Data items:
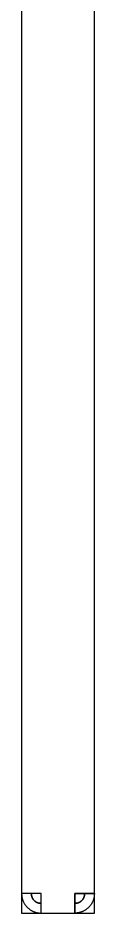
# Model space of a CAD drawing. Extents: x -1950 to 3550, y -200 to 28250.
# Drawn here: x 725 to 875, y 17330 to 19171 of the extents above; entities that cross this region are included whole.
import ezdxf

# ---------------------------------------------------------------- set-up
doc = ezdxf.new("R2010")
doc.units = 0
doc.layers.add('GAP', color=1, linetype='continuous')
doc.layers.add('PIN', color=3, linetype='continuous')

# ---------------------------------------------------------------- blocks, each defined once
blk = doc.blocks.new('MM2QGAP')
for points in [[(725, 20430), (725, 17330), (875, 17330), (875, 20430), (725, 20430)], [(765, 17330), (765, 17370), (725, 17370), (725, 17330), (765, 17330)], [(725, 17370), (725, 17368.9), (725.1, 17367.9), (725.1, 17366.8), (725.2, 17365.7), (725.4, 17364.7), (725.5, 17363.6), (725.7, 17362.6), (725.9, 17361.5), (726.1, 17360.5), (726.4, 17359.5), (726.7, 17358.5), (727, 17357.4), (727.4, 17356.4), (727.7, 17355.4), (728.1, 17354.4), (728.6, 17353.5), (729, 17352.5), (729.5, 17351.6), (730, 17350.6), (730.5, 17349.7), (731.1, 17348.8), (731.7, 17347.9), (732.3, 17347), (732.9, 17346.1), (733.5, 17345.3), (734.2, 17344.5), (734.9, 17343.7), (735.6, 17342.9), (736.3, 17342.1), (737.1, 17341.3), (737.9, 17340.6), (738.7, 17339.9), (739.5, 17339.2), (740.3, 17338.5), (741.1, 17337.9), (742, 17337.3), (742.9, 17336.7), (743.8, 17336.1), (744.7, 17335.5), (745.6, 17335), (746.6, 17334.5), (747.5, 17334), (748.5, 17333.6), (749.4, 17333.1), (750.4, 17332.7), (751.4, 17332.4), (752.4, 17332), (753.5, 17331.7), (754.5, 17331.4), (755.5, 17331.1), (756.5, 17330.9), (757.6, 17330.7), (758.6, 17330.5), (759.7, 17330.4), (760.7, 17330.2), (761.8, 17330.1), (762.9, 17330.1), (763.9, 17330), (765, 17330), (765, 17350), (764.5, 17350), (763.9, 17350), (763.4, 17350.1), (762.9, 17350.1), (762.3, 17350.2), (761.8, 17350.3), (761.3, 17350.3), (760.8, 17350.5), (760.3, 17350.6), (759.7, 17350.7), (759.2, 17350.9), (758.7, 17351), (758.2, 17351.2), (757.7, 17351.4), (757.2, 17351.6), (756.7, 17351.8), (756.3, 17352), (755.8, 17352.3), (755.3, 17352.5), (754.8, 17352.8), (754.4, 17353), (753.9, 17353.3), (753.5, 17353.6), (753.1, 17353.9), (752.6, 17354.3), (752.2, 17354.6), (751.8, 17354.9), (751.4, 17355.3), (751, 17355.7), (750.7, 17356), (750.3, 17356.4), (749.9, 17356.8), (749.6, 17357.2), (749.3, 17357.6), (748.9, 17358.1), (748.6, 17358.5), (748.3, 17358.9), (748, 17359.4), (747.8, 17359.8), (747.5, 17360.3), (747.3, 17360.8), (747, 17361.3), (746.8, 17361.7), (746.6, 17362.2), (746.4, 17362.7), (746.2, 17363.2), (746, 17363.7), (745.9, 17364.2), (745.7, 17364.7), (745.6, 17365.3), (745.5, 17365.8), (745.3, 17366.3), (745.3, 17366.8), (745.2, 17367.3), (745.1, 17367.9), (745.1, 17368.4), (745, 17368.9), (745, 17369.5), (745, 17370), (725, 17370)], [(745, 17370), (745, 17369.5), (745, 17368.9), (745.1, 17368.4), (745.1, 17367.9), (745.2, 17367.3), (745.3, 17366.8), (745.3, 17366.3), (745.5, 17365.8), (745.6, 17365.3), (745.7, 17364.7), (745.9, 17364.2), (746, 17363.7), (746.2, 17363.2), (746.4, 17362.7), (746.6, 17362.2), (746.8, 17361.7), (747, 17361.3), (747.3, 17360.8), (747.5, 17360.3), (747.8, 17359.8), (748, 17359.4), (748.3, 17358.9), (748.6, 17358.5), (748.9, 17358.1), (749.3, 17357.6), (749.6, 17357.2), (749.9, 17356.8), (750.3, 17356.4), (750.7, 17356), (751, 17355.7), (751.4, 17355.3), (751.8, 17354.9), (752.2, 17354.6), (752.6, 17354.3), (753.1, 17353.9), (753.5, 17353.6), (753.9, 17353.3), (754.4, 17353), (754.8, 17352.8), (755.3, 17352.5), (755.8, 17352.3), (756.3, 17352), (756.7, 17351.8), (757.2, 17351.6), (757.7, 17351.4), (758.2, 17351.2), (758.7, 17351), (759.2, 17350.9), (759.7, 17350.7), (760.3, 17350.6), (760.8, 17350.5), (761.3, 17350.3), (761.8, 17350.3), (762.3, 17350.2), (762.9, 17350.1), (763.4, 17350.1), (763.9, 17350), (764.5, 17350), (765, 17350), (765, 17370), (765, 17370), (765, 17370), (765, 17370), (765, 17370), (765, 17370), (765, 17370), (765, 17370), (765, 17370), (765, 17370), (765, 17370), (765, 17370), (765, 17370), (765, 17370), (765, 17370), (765, 17370), (765, 17370), (765, 17370), (765, 17370), (765, 17370), (765, 17370), (765, 17370), (765, 17370), (765, 17370), (765, 17370), (765, 17370), (765, 17370), (765, 17370), (765, 17370), (765, 17370), (765, 17370), (765, 17370), (765, 17370), (765, 17370), (765, 17370), (765, 17370), (765, 17370), (765, 17370), (765, 17370), (765, 17370), (765, 17370), (765, 17370), (765, 17370), (765, 17370), (765, 17370), (765, 17370), (765, 17370), (765, 17370), (765, 17370), (765, 17370), (765, 17370), (765, 17370), (765, 17370), (765, 17370), (765, 17370), (765, 17370), (765, 17370), (765, 17370), (765, 17370), (765, 17370), (745, 17370)], [(875, 17330), (875, 17370), (835, 17370), (835, 17330), (875, 17330)], [(875, 17370), (875, 17368.9), (874.9, 17367.9), (874.9, 17366.8), (874.8, 17365.7), (874.6, 17364.7), (874.5, 17363.6), (874.3, 17362.6), (874.1, 17361.5), (873.9, 17360.5), (873.6, 17359.5), (873.3, 17358.5), (873, 17357.4), (872.6, 17356.4), (872.3, 17355.4), (871.9, 17354.4), (871.4, 17353.5), (871, 17352.5), (870.5, 17351.6), (870, 17350.6), (869.5, 17349.7), (868.9, 17348.8), (868.3, 17347.9), (867.7, 17347), (867.1, 17346.1), (866.5, 17345.3), (865.8, 17344.5), (865.1, 17343.7), (864.4, 17342.9), (863.7, 17342.1), (862.9, 17341.3), (862.1, 17340.6), (861.3, 17339.9), (860.5, 17339.2), (859.7, 17338.5), (858.9, 17337.9), (858, 17337.3), (857.1, 17336.7), (856.2, 17336.1), (855.3, 17335.5), (854.4, 17335), (853.4, 17334.5), (852.5, 17334), (851.5, 17333.6), (850.6, 17333.1), (849.6, 17332.7), (848.6, 17332.4), (847.6, 17332), (846.5, 17331.7), (845.5, 17331.4), (844.5, 17331.1), (843.5, 17330.9), (842.4, 17330.7), (841.4, 17330.5), (840.3, 17330.4), (839.3, 17330.2), (838.2, 17330.1), (837.1, 17330.1), (836.1, 17330), (835, 17330), (835, 17350), (835.5, 17350), (836.1, 17350), (836.6, 17350.1), (837.1, 17350.1), (837.7, 17350.2), (838.2, 17350.3), (838.7, 17350.3), (839.2, 17350.5), (839.7, 17350.6), (840.3, 17350.7), (840.8, 17350.9), (841.3, 17351), (841.8, 17351.2), (842.3, 17351.4), (842.8, 17351.6), (843.3, 17351.8), (843.7, 17352), (844.2, 17352.3), (844.7, 17352.5), (845.2, 17352.8), (845.6, 17353), (846.1, 17353.3), (846.5, 17353.6), (846.9, 17353.9), (847.4, 17354.3), (847.8, 17354.6), (848.2, 17354.9), (848.6, 17355.3), (849, 17355.7), (849.3, 17356), (849.7, 17356.4), (850.1, 17356.8), (850.4, 17357.2), (850.7, 17357.6), (851.1, 17358.1), (851.4, 17358.5), (851.7, 17358.9), (852, 17359.4), (852.2, 17359.8), (852.5, 17360.3), (852.7, 17360.8), (853, 17361.3), (853.2, 17361.7), (853.4, 17362.2), (853.6, 17362.7), (853.8, 17363.2), (854, 17363.7), (854.1, 17364.2), (854.3, 17364.7), (854.4, 17365.3), (854.5, 17365.8), (854.7, 17366.3), (854.7, 17366.8), (854.8, 17367.3), (854.9, 17367.9), (854.9, 17368.4), (855, 17368.9), (855, 17369.5), (855, 17370), (875, 17370)], [(855, 17370), (855, 17369.5), (855, 17368.9), (854.9, 17368.4), (854.9, 17367.9), (854.8, 17367.3), (854.7, 17366.8), (854.7, 17366.3), (854.5, 17365.8), (854.4, 17365.3), (854.3, 17364.7), (854.1, 17364.2), (854, 17363.7), (853.8, 17363.2), (853.6, 17362.7), (853.4, 17362.2), (853.2, 17361.7), (853, 17361.3), (852.7, 17360.8), (852.5, 17360.3), (852.2, 17359.8), (852, 17359.4), (851.7, 17358.9), (851.4, 17358.5), (851.1, 17358.1), (850.7, 17357.6), (850.4, 17357.2), (850.1, 17356.8), (849.7, 17356.4), (849.3, 17356), (849, 17355.7), (848.6, 17355.3), (848.2, 17354.9), (847.8, 17354.6), (847.4, 17354.3), (846.9, 17353.9), (846.5, 17353.6), (846.1, 17353.3), (845.6, 17353), (845.2, 17352.8), (844.7, 17352.5), (844.2, 17352.3), (843.7, 17352), (843.3, 17351.8), (842.8, 17351.6), (842.3, 17351.4), (841.8, 17351.2), (841.3, 17351), (840.8, 17350.9), (840.3, 17350.7), (839.7, 17350.6), (839.2, 17350.5), (838.7, 17350.3), (838.2, 17350.3), (837.7, 17350.2), (837.1, 17350.1), (836.6, 17350.1), (836.1, 17350), (835.5, 17350), (835, 17350), (835, 17370), (835, 17370), (835, 17370), (835, 17370), (835, 17370), (835, 17370), (835, 17370), (835, 17370), (835, 17370), (835, 17370), (835, 17370), (835, 17370), (835, 17370), (835, 17370), (835, 17370), (835, 17370), (835, 17370), (835, 17370), (835, 17370), (835, 17370), (835, 17370), (835, 17370), (835, 17370), (835, 17370), (835, 17370), (835, 17370), (835, 17370), (835, 17370), (835, 17370), (835, 17370), (835, 17370), (835, 17370), (835, 17370), (835, 17370), (835, 17370), (835, 17370), (835, 17370), (835, 17370), (835, 17370), (835, 17370), (835, 17370), (835, 17370), (835, 17370), (835, 17370), (835, 17370), (835, 17370), (835, 17370), (835, 17370), (835, 17370), (835, 17370), (835, 17370), (835, 17370), (835, 17370), (835, 17370), (835, 17370), (835, 17370), (835, 17370), (835, 17370), (835, 17370), (835, 17370), (855, 17370)]]:
    blk.add_lwpolyline(points)
blk = doc.blocks.new('MM2QPIN')
for points in [[(745, 17370), (745, 17369.5), (745, 17368.9), (745.1, 17368.4), (745.1, 17367.9), (745.2, 17367.3), (745.3, 17366.8), (745.3, 17366.3), (745.5, 17365.8), (745.6, 17365.3), (745.7, 17364.7), (745.9, 17364.2), (746, 17363.7), (746.2, 17363.2), (746.4, 17362.7), (746.6, 17362.2), (746.8, 17361.7), (747, 17361.3), (747.3, 17360.8), (747.5, 17360.3), (747.8, 17359.8), (748, 17359.4), (748.3, 17358.9), (748.6, 17358.5), (748.9, 17358.1), (749.3, 17357.6), (749.6, 17357.2), (749.9, 17356.8), (750.3, 17356.4), (750.7, 17356), (751, 17355.7), (751.4, 17355.3), (751.8, 17354.9), (752.2, 17354.6), (752.6, 17354.3), (753.1, 17353.9), (753.5, 17353.6), (753.9, 17353.3), (754.4, 17353), (754.8, 17352.8), (755.3, 17352.5), (755.8, 17352.3), (756.3, 17352), (756.7, 17351.8), (757.2, 17351.6), (757.7, 17351.4), (758.2, 17351.2), (758.7, 17351), (759.2, 17350.9), (759.7, 17350.7), (760.3, 17350.6), (760.8, 17350.5), (761.3, 17350.3), (761.8, 17350.3), (762.3, 17350.2), (762.9, 17350.1), (763.4, 17350.1), (763.9, 17350), (764.5, 17350), (765, 17350), (765, 17350), (764.5, 17350), (763.9, 17350), (763.4, 17350.1), (762.9, 17350.1), (762.3, 17350.2), (761.8, 17350.3), (761.3, 17350.3), (760.8, 17350.5), (760.3, 17350.6), (759.7, 17350.7), (759.2, 17350.9), (758.7, 17351), (758.2, 17351.2), (757.7, 17351.4), (757.2, 17351.6), (756.7, 17351.8), (756.3, 17352), (755.8, 17352.3), (755.3, 17352.5), (754.8, 17352.8), (754.4, 17353), (753.9, 17353.3), (753.5, 17353.6), (753.1, 17353.9), (752.6, 17354.3), (752.2, 17354.6), (751.8, 17354.9), (751.4, 17355.3), (751, 17355.7), (750.7, 17356), (750.3, 17356.4), (749.9, 17356.8), (749.6, 17357.2), (749.3, 17357.6), (748.9, 17358.1), (748.6, 17358.5), (748.3, 17358.9), (748, 17359.4), (747.8, 17359.8), (747.5, 17360.3), (747.3, 17360.8), (747, 17361.3), (746.8, 17361.7), (746.6, 17362.2), (746.4, 17362.7), (746.2, 17363.2), (746, 17363.7), (745.9, 17364.2), (745.7, 17364.7), (745.6, 17365.3), (745.5, 17365.8), (745.3, 17366.3), (745.3, 17366.8), (745.2, 17367.3), (745.1, 17367.9), (745.1, 17368.4), (745, 17368.9), (745, 17369.5), (745, 17370), (745, 17370)], [(745, 17370), (745, 17369.5), (745, 17368.9), (745.1, 17368.4), (745.1, 17367.9), (745.2, 17367.3), (745.3, 17366.8), (745.3, 17366.3), (745.5, 17365.8), (745.6, 17365.3), (745.7, 17364.7), (745.9, 17364.2), (746, 17363.7), (746.2, 17363.2), (746.4, 17362.7), (746.6, 17362.2), (746.8, 17361.7), (747, 17361.3), (747.3, 17360.8), (747.5, 17360.3), (747.8, 17359.8), (748, 17359.4), (748.3, 17358.9), (748.6, 17358.5), (748.9, 17358.1), (749.3, 17357.6), (749.6, 17357.2), (749.9, 17356.8), (750.3, 17356.4), (750.7, 17356), (751, 17355.7), (751.4, 17355.3), (751.8, 17354.9), (752.2, 17354.6), (752.6, 17354.3), (753.1, 17353.9), (753.5, 17353.6), (753.9, 17353.3), (754.4, 17353), (754.8, 17352.8), (755.3, 17352.5), (755.8, 17352.3), (756.3, 17352), (756.7, 17351.8), (757.2, 17351.6), (757.7, 17351.4), (758.2, 17351.2), (758.7, 17351), (759.2, 17350.9), (759.7, 17350.7), (760.3, 17350.6), (760.8, 17350.5), (761.3, 17350.3), (761.8, 17350.3), (762.3, 17350.2), (762.9, 17350.1), (763.4, 17350.1), (763.9, 17350), (764.5, 17350), (765, 17350), (765, 17350), (764.5, 17350), (763.9, 17350), (763.4, 17350.1), (762.9, 17350.1), (762.3, 17350.2), (761.8, 17350.3), (761.3, 17350.3), (760.8, 17350.5), (760.3, 17350.6), (759.7, 17350.7), (759.2, 17350.9), (758.7, 17351), (758.2, 17351.2), (757.7, 17351.4), (757.2, 17351.6), (756.7, 17351.8), (756.3, 17352), (755.8, 17352.3), (755.3, 17352.5), (754.8, 17352.8), (754.4, 17353), (753.9, 17353.3), (753.5, 17353.6), (753.1, 17353.9), (752.6, 17354.3), (752.2, 17354.6), (751.8, 17354.9), (751.4, 17355.3), (751, 17355.7), (750.7, 17356), (750.3, 17356.4), (749.9, 17356.8), (749.6, 17357.2), (749.3, 17357.6), (748.9, 17358.1), (748.6, 17358.5), (748.3, 17358.9), (748, 17359.4), (747.8, 17359.8), (747.5, 17360.3), (747.3, 17360.8), (747, 17361.3), (746.8, 17361.7), (746.6, 17362.2), (746.4, 17362.7), (746.2, 17363.2), (746, 17363.7), (745.9, 17364.2), (745.7, 17364.7), (745.6, 17365.3), (745.5, 17365.8), (745.3, 17366.3), (745.3, 17366.8), (745.2, 17367.3), (745.1, 17367.9), (745.1, 17368.4), (745, 17368.9), (745, 17369.5), (745, 17370), (745, 17370)], [(855, 17370), (855, 17369.5), (855, 17368.9), (854.9, 17368.4), (854.9, 17367.9), (854.8, 17367.3), (854.7, 17366.8), (854.7, 17366.3), (854.5, 17365.8), (854.4, 17365.3), (854.3, 17364.7), (854.1, 17364.2), (854, 17363.7), (853.8, 17363.2), (853.6, 17362.7), (853.4, 17362.2), (853.2, 17361.7), (853, 17361.3), (852.7, 17360.8), (852.5, 17360.3), (852.2, 17359.8), (852, 17359.4), (851.7, 17358.9), (851.4, 17358.5), (851.1, 17358.1), (850.7, 17357.6), (850.4, 17357.2), (850.1, 17356.8), (849.7, 17356.4), (849.3, 17356), (849, 17355.7), (848.6, 17355.3), (848.2, 17354.9), (847.8, 17354.6), (847.4, 17354.3), (846.9, 17353.9), (846.5, 17353.6), (846.1, 17353.3), (845.6, 17353), (845.2, 17352.8), (844.7, 17352.5), (844.2, 17352.3), (843.7, 17352), (843.3, 17351.8), (842.8, 17351.6), (842.3, 17351.4), (841.8, 17351.2), (841.3, 17351), (840.8, 17350.9), (840.3, 17350.7), (839.7, 17350.6), (839.2, 17350.5), (838.7, 17350.3), (838.2, 17350.3), (837.7, 17350.2), (837.1, 17350.1), (836.6, 17350.1), (836.1, 17350), (835.5, 17350), (835, 17350), (835, 17350), (835.5, 17350), (836.1, 17350), (836.6, 17350.1), (837.1, 17350.1), (837.7, 17350.2), (838.2, 17350.3), (838.7, 17350.3), (839.2, 17350.5), (839.7, 17350.6), (840.3, 17350.7), (840.8, 17350.9), (841.3, 17351), (841.8, 17351.2), (842.3, 17351.4), (842.8, 17351.6), (843.3, 17351.8), (843.7, 17352), (844.2, 17352.3), (844.7, 17352.5), (845.2, 17352.8), (845.6, 17353), (846.1, 17353.3), (846.5, 17353.6), (846.9, 17353.9), (847.4, 17354.3), (847.8, 17354.6), (848.2, 17354.9), (848.6, 17355.3), (849, 17355.7), (849.3, 17356), (849.7, 17356.4), (850.1, 17356.8), (850.4, 17357.2), (850.7, 17357.6), (851.1, 17358.1), (851.4, 17358.5), (851.7, 17358.9), (852, 17359.4), (852.2, 17359.8), (852.5, 17360.3), (852.7, 17360.8), (853, 17361.3), (853.2, 17361.7), (853.4, 17362.2), (853.6, 17362.7), (853.8, 17363.2), (854, 17363.7), (854.1, 17364.2), (854.3, 17364.7), (854.4, 17365.3), (854.5, 17365.8), (854.7, 17366.3), (854.7, 17366.8), (854.8, 17367.3), (854.9, 17367.9), (854.9, 17368.4), (855, 17368.9), (855, 17369.5), (855, 17370), (855, 17370)], [(855, 17370), (855, 17369.5), (855, 17368.9), (854.9, 17368.4), (854.9, 17367.9), (854.8, 17367.3), (854.7, 17366.8), (854.7, 17366.3), (854.5, 17365.8), (854.4, 17365.3), (854.3, 17364.7), (854.1, 17364.2), (854, 17363.7), (853.8, 17363.2), (853.6, 17362.7), (853.4, 17362.2), (853.2, 17361.7), (853, 17361.3), (852.7, 17360.8), (852.5, 17360.3), (852.2, 17359.8), (852, 17359.4), (851.7, 17358.9), (851.4, 17358.5), (851.1, 17358.1), (850.7, 17357.6), (850.4, 17357.2), (850.1, 17356.8), (849.7, 17356.4), (849.3, 17356), (849, 17355.7), (848.6, 17355.3), (848.2, 17354.9), (847.8, 17354.6), (847.4, 17354.3), (846.9, 17353.9), (846.5, 17353.6), (846.1, 17353.3), (845.6, 17353), (845.2, 17352.8), (844.7, 17352.5), (844.2, 17352.3), (843.7, 17352), (843.3, 17351.8), (842.8, 17351.6), (842.3, 17351.4), (841.8, 17351.2), (841.3, 17351), (840.8, 17350.9), (840.3, 17350.7), (839.7, 17350.6), (839.2, 17350.5), (838.7, 17350.3), (838.2, 17350.3), (837.7, 17350.2), (837.1, 17350.1), (836.6, 17350.1), (836.1, 17350), (835.5, 17350), (835, 17350), (835, 17350), (835.5, 17350), (836.1, 17350), (836.6, 17350.1), (837.1, 17350.1), (837.7, 17350.2), (838.2, 17350.3), (838.7, 17350.3), (839.2, 17350.5), (839.7, 17350.6), (840.3, 17350.7), (840.8, 17350.9), (841.3, 17351), (841.8, 17351.2), (842.3, 17351.4), (842.8, 17351.6), (843.3, 17351.8), (843.7, 17352), (844.2, 17352.3), (844.7, 17352.5), (845.2, 17352.8), (845.6, 17353), (846.1, 17353.3), (846.5, 17353.6), (846.9, 17353.9), (847.4, 17354.3), (847.8, 17354.6), (848.2, 17354.9), (848.6, 17355.3), (849, 17355.7), (849.3, 17356), (849.7, 17356.4), (850.1, 17356.8), (850.4, 17357.2), (850.7, 17357.6), (851.1, 17358.1), (851.4, 17358.5), (851.7, 17358.9), (852, 17359.4), (852.2, 17359.8), (852.5, 17360.3), (852.7, 17360.8), (853, 17361.3), (853.2, 17361.7), (853.4, 17362.2), (853.6, 17362.7), (853.8, 17363.2), (854, 17363.7), (854.1, 17364.2), (854.3, 17364.7), (854.4, 17365.3), (854.5, 17365.8), (854.7, 17366.3), (854.7, 17366.8), (854.8, 17367.3), (854.9, 17367.9), (854.9, 17368.4), (855, 17368.9), (855, 17369.5), (855, 17370), (855, 17370)]]:
    blk.add_lwpolyline(points)

msp = doc.modelspace()

# ---------------------------------------------------------------- block references
at = {"layer": 'GAP'}
msp.add_blockref('MM2QGAP', (0, 0), dxfattribs=at)
at = {"layer": 'PIN'}
msp.add_blockref('MM2QPIN', (0, 0), dxfattribs=at)

doc.saveas('drawing.dxf')

#### Activity:
Please find all lines of the entries that hold the string "linetype" and copy them.

#### Solution for this exercise:
doc.layers.add('GAP', color=1, linetype='continuous')
doc.layers.add('PIN', color=3, linetype='continuous')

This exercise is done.